ABOUT THIS EXERCISE: Copy the lines below, word for word, from the first through the line containing "at (-8, 0, 1.6)". Leave the pictures out.
---- DATA TO USE
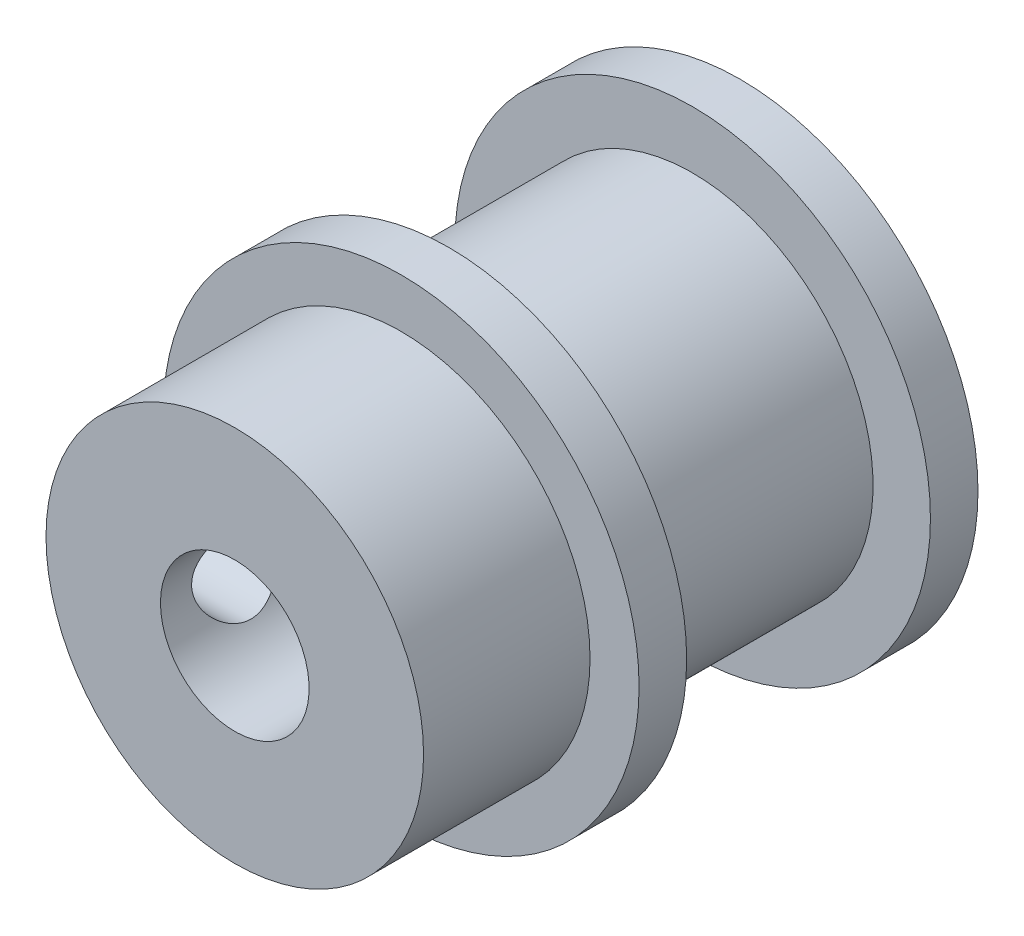
SolidWorks part; units mm, degrees
note: '?' marks a value the reader was unsure of.
ref_plane "Front Plane" through (0, 0, 0) normal (0, 0, 1) x (1, 0, 0)
ref_plane "Top Plane" through (0, 0, 0) normal (0, 1, 0) x (1, 0, 0)
ref_plane "Right Plane" through (0, 0, 0) normal (1, 0, 0) x (0, 0, -1)
ref_plane "Plane1" through (0, 0, 1.6) normal (0, 0, 1) x (1, 0, 0)
sketch "Sketch1" plane through (0, 0, 1.6) normal (0, 0, 1) x (1, 0, 0)
  circle A0 centre (0, 0) radius 8
extrude "Boss-Extrude1" add sketch "Sketch1" against normal blind 1.6
ref_plane "Plane2" through (0, 0, 9.8) normal (0, 0, 1) x (1, 0, 0)
sketch "Sketch2" plane through (0, 0, 9.8) normal (0, 0, 1) x (1, 0, 0)
  circle A0 centre (0, 0) radius 6.07
extrude "Boss-Extrude2" add sketch "Sketch2" against normal up to surface (8.2 mm away) up to face at (-8, 0, 1.6)
ref_plane "Plane3" through (0, 0, 9.8) normal (0, 0, -1) x (-1, 0, 0)
sketch "Sketch3" plane through (0, 0, 9.8) normal (0, 0, -1) x (-1, 0, 0)
  circle A0 centre (0, 0) radius 8
extrude "Boss-Extrude3" add sketch "Sketch3" against normal blind 1.6
ref_plane "Plane4" through (0, 0, 17) normal (0, 0, 1) x (1, 0, 0)
sketch "Sketch4" plane through (0, 0, 17) normal (0, 0, 1) x (1, 0, 0)
  circle A0 centre (0, 0) radius 6.35
extrude "Boss-Extrude4" add sketch "Sketch4" against normal up to surface (5.6 mm away) up to face at (8, 0, 11.4)
hole_wizard "Ø5.0 (5) Diameter Hole1" positions "Sketch6" profile "Sketch5" hole size "Ø5.0" standard "ANSI Metric"
sketch "Sketch6" plane through (0, 0, 0) normal (0, 0, -1) x (-1, 0, 0)
  point P0 (0, 0)
sketch "Sketch5" plane through (0, 0, 0) normal (1, 0, 0) x (0, 1, 0)
  line L0 (0, 0) -> (0, 17)
  line L1 (0, 17) -> (2.5, 17)
  line L2 (2.5, 17) -> (2.5, 0)
  line L5 (2.5, 0) -> (0, 0)
  line L11 (0, -6.35) -> (0, 107.95) construction
  dimension "Thru Hole Dia." = 5
  dimension "Thru Hole Depth" = 17
hole_wizard "Ø3.0 (3) Diameter Hole1" positions "3DSketch1" profile "Sketch7" hole size "Ø3.0" standard "ANSI Metric"
sketch3d "3DSketch1"
  point P0 (-6.35, 0, 14.4528)
sketch "Sketch7" plane through (-6.35, 0, 14.4528) normal (0, 1, 0) x (0, 0, 1)
  line L0 (0, 0) -> (0, 3.85)
  line L1 (0, 3.85) -> (1.5, 3.85)
  line L2 (1.5, 3.85) -> (1.5, 0)
  line L5 (1.5, 0) -> (0, 0)
  line L11 (0, -6.35) -> (0, 107.95) construction
  dimension "Thru Hole Dia." = 3
  dimension "Thru Hole Depth" = 3.85
ref_axis "Axis1" through (0, 0, 17) along (0, 0, -1)?
ref_plane "Plane5" through (0, 0, 5.7) normal (0, 0, 1) x (1, 0, 0)
--------
RESULT OF THIS TASK:
SolidWorks part; units mm, degrees
note: '?' marks a value the reader was unsure of.
ref_plane "Front Plane" through (0, 0, 0) normal (0, 0, 1) x (1, 0, 0)
ref_plane "Top Plane" through (0, 0, 0) normal (0, 1, 0) x (1, 0, 0)
ref_plane "Right Plane" through (0, 0, 0) normal (1, 0, 0) x (0, 0, -1)
ref_plane "Plane1" through (0, 0, 1.6) normal (0, 0, 1) x (1, 0, 0)
sketch "Sketch1" plane through (0, 0, 1.6) normal (0, 0, 1) x (1, 0, 0)
  circle A0 centre (0, 0) radius 8
extrude "Boss-Extrude1" add sketch "Sketch1" against normal blind 1.6
ref_plane "Plane2" through (0, 0, 9.8) normal (0, 0, 1) x (1, 0, 0)
sketch "Sketch2" plane through (0, 0, 9.8) normal (0, 0, 1) x (1, 0, 0)
  circle A0 centre (0, 0) radius 6.07
extrude "Boss-Extrude2" add sketch "Sketch2" against normal up to surface (8.2 mm away) up to face at (-8, 0, 1.6)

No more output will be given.